蒲泽傲娇地加上一句:“再说,我也根本不需要人保护!”
赵则年瞪了蒲泽一眼,沉默不语。
苏桀见他犹豫,趁热打铁:“再说,苏某并非要两位做什么伤天害理之事,也无须打理我寨中任何事务,不过是帮苏某一个忙。
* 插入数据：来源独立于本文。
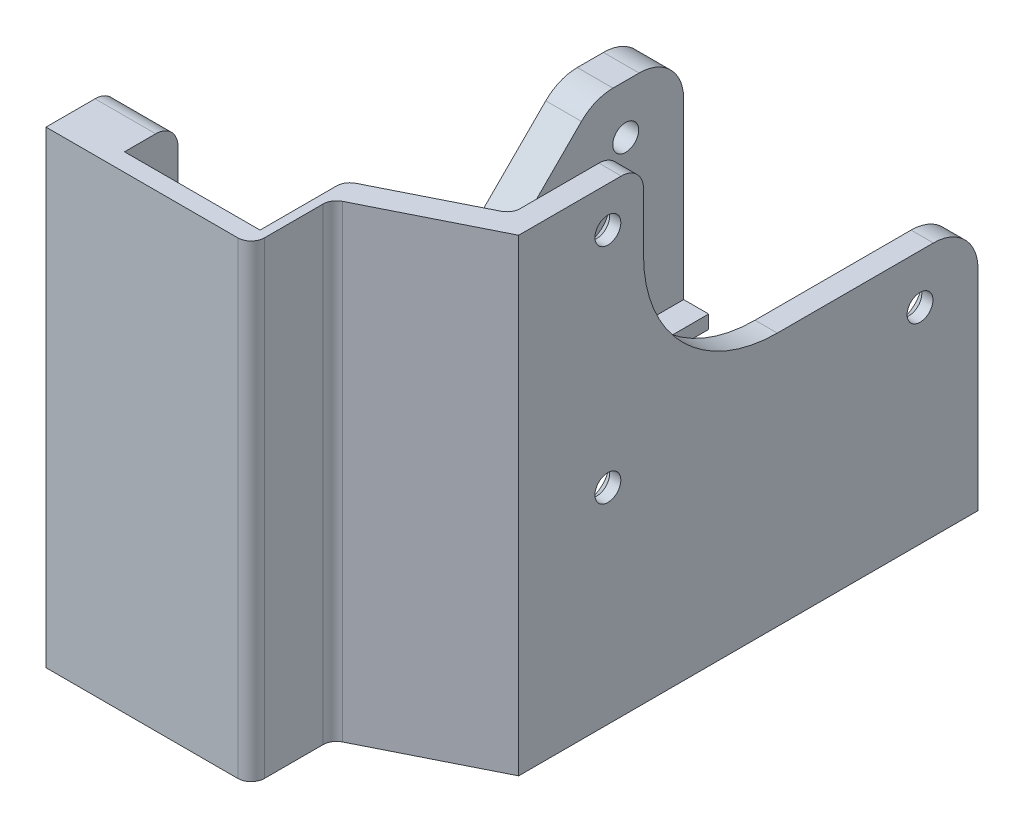
from build123d import *

# Parameters (mm, degrees)
EXTRUDE_1_DEPTH          = 105
SKETCH_7_W               = 30.4
SKETCH_7_H               = 19
EXTRUDE_2_DEPTH          = 3
SKETCH_8_W               = 30.4
SKETCH_8_H               = 12
EXTRUDE_3_DEPTH          = 38
FILLET_1_R               = 5
CUT_EXTRUDE_1_DEPTH      = 112
CUT_EXTRUDE_2_DEPTH      = 97
CUT_EXTRUDE_4_DEPTH      = 187.349134691
CUT_EXTRUDE_4_DEPTH_BACK = 6.8
SKETCH_11_R              = 5
FILLET_3_R               = 3
SKETCH_12_R              = 2.6
CUT_EXTRUDE_5_DEPTH      = 20
CHAMFER_1_SIZE           = 3
SKETCH_13_R              = 2.9
CUT_EXTRUDE_6_DEPTH      = 187.349134691
CHAMFER_3_SIZE           = 2.5
SKETCH_16_W              = 75
SKETCH_16_H              = 48
CUT_EXTRUDE_9_DEPTH      = 187.349134691
FILLET_4_R               = 30
SKETCH_17_W              = 28
SKETCH_17_H              = 52
CUT_EXTRUDE_10_DEPTH     = 20
FILLET_5_R               = 8
SKETCH_18_W              = 8
SKETCH_18_H              = 19
EXTRUDE_4_DEPTH          = 49
CHAMFER_4_SIZE           = 50
FILLET_6_R               = 10
SKETCH_19_R              = 2.9
CUT_EXTRUDE_11_DEPTH     = 187.349134691
CHAMFER_5_SIZE           = 2.6
SKETCH_21_R              = 2.3
CUT_EXTRUDE_13_DEPTH     = 15
FILLET_7_R               = 5
CHAMFER_6_SIZE           = 0.8
SKETCH_22_W              = 8
SKETCH_22_H              = 43.683816014
EXTRUDE_5_DEPTH          = 10
FILLET_8_R               = 10


with BuildPart() as part:
    # Эскиз2 → Бобышка-Вытянуть1 (new body)
    with BuildSketch(Plane(origin=(0, 0, 0), x_dir=(1, 0, 0), z_dir=(0, 1, 0))):
        Polygon((52.378939236, 0), (52.378939236, -103), (24.378939236, -117), (24.378939236, -135), (0, -135), (-21.621060764, -135), (-21.621060764, 0), (-8.021060764, 0), (-8.021060764, -131), (0, -131), (22.378939236, -131), (22.378939236, 0), align=None)
    extrude(amount=EXTRUDE_1_DEPTH)



with BuildPart() as body_2:
    # Эскиз7 → Бобышка-Вытянуть2 (new body)
    with BuildSketch(Plane.XZ):
        with Locations((7.178939236, 121.5)):
            Rectangle(SKETCH_7_W, SKETCH_7_H)
    extrude(amount=-EXTRUDE_2_DEPTH)


with BuildPart() as part_1:
    add(part.part)

    add(body_2.part)  # Бобышка-Вытянуть3 merges body 2
    # Эскиз8 → Бобышка-Вытянуть3 (add)
    with BuildSketch(Plane(origin=(0, 3, 0), x_dir=(1, 0, 0), z_dir=(0, 1, 0))):
        with Locations((7.178939236, -125)):
            Rectangle(SKETCH_8_W, SKETCH_8_H)
    extrude(amount=EXTRUDE_3_DEPTH)

    # Скругление1
    fillet_1_edges = [part_1.edges().sort_by_distance(p)[0] for p in [
        (7.178939236, 41, 119),
    ]]
    fillet(fillet_1_edges, radius=FILLET_1_R)

    # Эскиз3 → Вырез-Вытянуть1 (cut)
    with BuildSketch(Plane(origin=(0, 0, 0), x_dir=(-1, 0, 0), z_dir=(0, 0, -1))):
        Polygon((8.021060764, -1.66), (19.321060764, 3.4), (19.321060764, 5), (8.021060764, 5), align=None)
        Polygon((-33.678939236, 5), (-22.378939236, 5), (-22.378939236, -1.66), (-33.678939236, 3.4), align=None)
    extrude(amount=-CUT_EXTRUDE_1_DEPTH, mode=Mode.SUBTRACT)

    # Эскиз9 → Вырез-Вытянуть2 (cut)
    with BuildSketch(Plane(origin=(0, 105, 0), x_dir=(1, 0, 0), z_dir=(0, 1, 0))):
        Polygon((-21.621060764, 0), (-21.621060764, -91), (22.378939236, -91), (22.378939236, -112), (47.378939236, -99.5), (47.378939236, 0), align=None)
    extrude(amount=-CUT_EXTRUDE_2_DEPTH, mode=Mode.SUBTRACT)

    # Эскиз11 → Вырез-Вытянуть4 (cut, two sides: drawn at the far end of the back side and taken through both)
    with BuildSketch(Plane.ZY.offset(21.621060764).offset(-CUT_EXTRUDE_4_DEPTH_BACK)):
        with Locations(Location((98.6, 41.2, 0), (0, 0, 180))):
            Circle(SKETCH_11_R)
    extrude(amount=CUT_EXTRUDE_4_DEPTH + CUT_EXTRUDE_4_DEPTH_BACK, mode=Mode.SUBTRACT)

    # Скругление3
    fillet_3_edges = [part_1.edges().sort_by_distance(p)[0] for p in [
        (47.378939236, 56.5, 99.5),
        (22.378939236, 56.5, 112),
        (24.378939236, 52.5, 135),
        (24.378939236, 52.5, 117),
    ]]
    fillet(fillet_3_edges, radius=FILLET_3_R)

    # Эскиз12 → Вырез-Вытянуть5 (cut)
    with BuildSketch(Plane.ZY.offset(21.621060764)):
        with Locations((98.6, 41.2)):
            Circle(SKETCH_12_R)
    extrude(amount=-CUT_EXTRUDE_5_DEPTH, mode=Mode.SUBTRACT)

    # Фаска1
    # the kernel refuses this chamfer: 3 mm, written as the material it takes off along each edge
    with BuildSketch(Plane(origin=(-14.821060764, 41.2, 98.6), x_dir=(0, 0, 1), z_dir=(0, -1, 0))) as chamfer_1_piece_1_section:
        Polygon((2.6, -CHAMFER_1_SIZE), (2.6 + CHAMFER_1_SIZE, 0), (2.6, 0), align=None)
    chamfer_1_piece_1 = revolve(axis=Axis((-14.821060764, 41.2, 98.6), (-1, 0, 0)), mode=Mode.PRIVATE)
    chamfer_1_piece_1 = chamfer_1_piece_1 & Plane(origin=(-13.01179882, 41.2, 98.6), x_dir=(0, 0, -1), z_dir=(-1, 0, 0)) * Cylinder(5, 23, mode=Mode.PRIVATE)
    add(chamfer_1_piece_1, mode=Mode.SUBTRACT)

    # Эскиз13 → Вырез-Вытянуть6 (cut, through all)
    with BuildSketch(Plane.ZY.offset(21.621060764)):
        with Locations((83, 46)):
            Circle(SKETCH_13_R)
        with Locations((13, 46)):
            Circle(SKETCH_13_R)
        with Locations((83, 96)):
            Circle(SKETCH_13_R)
    extrude(amount=-CUT_EXTRUDE_6_DEPTH, mode=Mode.SUBTRACT)

    # Фаска3
    chamfer_3_edges = [part_1.edges().sort_by_distance(p)[0] for p in [
        (47.378939236, 96, 80.1),
        (47.378939236, 46, 10.1),
        (47.378939236, 46, 80.1),
    ]]
    chamfer(chamfer_3_edges, length=CHAMFER_3_SIZE)

    # Эскиз16 → Вырез-Вытянуть9 (cut, through all)
    with BuildSketch(Plane.ZY.offset(21.621060764)):
        with Locations((37.5, 81)):
            Rectangle(SKETCH_16_W, SKETCH_16_H)
    extrude(amount=-CUT_EXTRUDE_9_DEPTH, mode=Mode.SUBTRACT)

    # Скругление4
    fillet_4_edges = [part_1.edges().sort_by_distance(p)[0] for p in [
        (49.878939236, 57, 75),
    ]]
    fillet(fillet_4_edges, radius=FILLET_4_R)

    # Эскиз17 → Вырез-Вытянуть10 (cut)
    with BuildSketch(Plane.ZY.offset(21.621060764)):
        with Locations((105, 79)):
            Rectangle(SKETCH_17_W, SKETCH_17_H)
    extrude(amount=-CUT_EXTRUDE_10_DEPTH, mode=Mode.SUBTRACT)

    # Скругление5
    fillet_5_edges = [part_1.edges().sort_by_distance(p)[0] for p in [
        (-14.821060764, 53, 91),
        (-14.821060764, 53, 119),
    ]]
    fillet(fillet_5_edges, radius=FILLET_5_R)

    # Эскиз18 → Бобышка-Вытянуть4 (add)
    with BuildSketch(Plane(origin=(0, 8, 0), x_dir=(1, 0, 0), z_dir=(0, 1, 0))):
        with Locations((-17.621060764, -9.5)):
            Rectangle(SKETCH_18_W, SKETCH_18_H)
    extrude(amount=EXTRUDE_4_DEPTH)

    # Фаска4
    # the kernel refuses this chamfer: 50 mm, written as the material it adds along each edge
    with BuildSketch(Plane(origin=(-13.621060764, 8, 19), x_dir=(0, 0.9996219169112966, -0.027495876610586386), z_dir=(-1, 0, 0))) as chamfer_4_piece_1_section:
        Polygon((CHAMFER_4_SIZE * 0.999621916911, -CHAMFER_4_SIZE * 0.0274958766106), (-CHAMFER_4_SIZE * 0.0274958766106, -CHAMFER_4_SIZE * 0.999621916911), (0, 0), align=None)
    chamfer_4_piece_1 = extrude(amount=8, mode=Mode.PRIVATE)
    chamfer_4_piece_1 = split(chamfer_4_piece_1, bisect_by=Plane(origin=(-17.621060764, 57, 35.555220818), z_dir=(0, -1, 0)), keep=Keep.TOP, mode=Mode.PRIVATE)
    add(chamfer_4_piece_1)

    # Скругление6
    fillet_6_edges = [part_1.edges().sort_by_distance(p)[0] for p in [
        (49.878939236, 57, 0),
        (-17.621060764, 57, 0),
    ]]
    fillet(fillet_6_edges, radius=FILLET_6_R)

    # Эскиз19 → Вырез-Вытянуть11 (cut, through all)
    with BuildSketch(Plane(origin=(52.378939236, 0, 0), x_dir=(0, 0, -1), z_dir=(1, 0, 0))):
        with Locations(Location((-13, 46, 0), (0, 0, 180))):
            Circle(SKETCH_19_R)
    extrude(amount=-CUT_EXTRUDE_11_DEPTH, mode=Mode.SUBTRACT)

    # Фаска5
    chamfer_5_edges = [part_1.edges().sort_by_distance(p)[0] for p in [
        (-21.621060764, 46, 10.1),
    ]]
    chamfer(chamfer_5_edges, length=CHAMFER_5_SIZE)

    # Эскиз21 → Вырез-Вытянуть13 (cut)
    with BuildSketch(Plane.ZY.offset(21.621060764)):
        with Locations((125, 30)):
            Circle(SKETCH_21_R)
        with Locations((125, 90)):
            Circle(SKETCH_21_R)
    extrude(amount=-CUT_EXTRUDE_13_DEPTH, mode=Mode.SUBTRACT)

    # Скругление7
    fillet_7_edges = [part_1.edges().sort_by_distance(p)[0] for p in [
        (49.878939236, 105, 75),
        (-14.821060764, 105, 119),
    ]]
    fillet(fillet_7_edges, radius=FILLET_7_R)

    # Фаска6
    chamfer_6_edges = [part_1.edges().sort_by_distance(p)[0] for p in [
        (-21.621060764, 41.2, 103.6),
        (-21.621060764, 30, 122.7),
        (-21.621060764, 90, 122.7),
    ]]
    chamfer(chamfer_6_edges, length=CHAMFER_6_SIZE)

    # Эскиз22 → Бобышка-Вытянуть5 (add)
    with BuildSketch(Plane(origin=(0, 8, 0), x_dir=(1, 0, 0), z_dir=(0, 1, 0))):
        with Locations((-17.621060764, -69.158091993)):
            Rectangle(SKETCH_22_W, SKETCH_22_H)
    extrude(amount=EXTRUDE_5_DEPTH)

    # Скругление8
    fillet_8_edges = [part_1.edges().sort_by_distance(p)[0] for p in [
        (-17.621060764, 57, 20),
    ]]
    fillet(fillet_8_edges, radius=FILLET_8_R)


solid = part_1.part

”
赵则年这才抬头:“什么忙?”
“不瞒两位,我们寨主最近身体虚弱,缠绵病榻已久,寨中事务便由我们几位当家轮流打点。
本来吧,只需像平常那般就好,谁知那二当家却仗着他是寨主的义子,不把我们其他几个放在眼里,处处生事找茬!”
苏桀说着,脸上渐有愤懑之色:“尤其是这几天,他不知从哪里找来两个武功高强的帮手,只要有人不遂他的意,他就让那两个人出手教训,搞得寨中人人怨气十足!”
赵则年听明白了:“所以,三当家是希望我们兄弟留下来,好与那二人抗衡?”
“正是如此!”
苏桀站起身,言辞恳切地拱起手:“苏某无能,只能眼睁睁的看着手下诸人被二当家的人欺负凌辱,因此还请二位出力帮扶!只要两位能答应留下来,有什么要求尽管提出来,苏某必当竭力办到!”
主人都站了起来,赵则年和蒲泽也不好再坐下去,跟着站了起来。
赵则年嘴唇微动、犹在沉思,蒲泽却是眼冒精光:“三当家你说真的,有什么要求你都会答应?”
“当然,蒲泽小兄弟需要什么,请尽管说出来!”
蒲泽歪歪头,十分孩子气:“大的要求我也没有,不过是想吃好喝好穿好,有一个非常舒服的地方睡觉,三当家要是愿意一辈子养着我,我就死赖在这儿,不走了!”
苏桀大喜:“小兄弟能答应,真是太好了!赵兄弟,你呢?”
赵则年指着蒲泽,明明有气就是说不出话来,最后发泄似的拍了一下桌子,放弃了:“也罢,就听你们的!”
蒲泽志得意满地挑挑眉,当即坐下来灌了三杯酒,赞道:“好酒好酒!别看我年纪小,就好这一口!”
苏桀亲自给他续杯:“喜欢就好,喝完了我再让人拿!”
看着兄弟俩一个欢悦十足,一个闷声吃饭,苏桀笑得眼睛眯成了一条缝。
心想,他的策略是对的,这俩兄弟老起内讧,弟弟总跟哥哥对着干,哥哥偏又十分容忍疼爱弟弟,只要善于利用他们俩之间的矛盾冲突,把他们一起留下来,就不是难事!
以后他还会对这个弟弟加倍的好,好让当哥哥的说不出辞别的话来。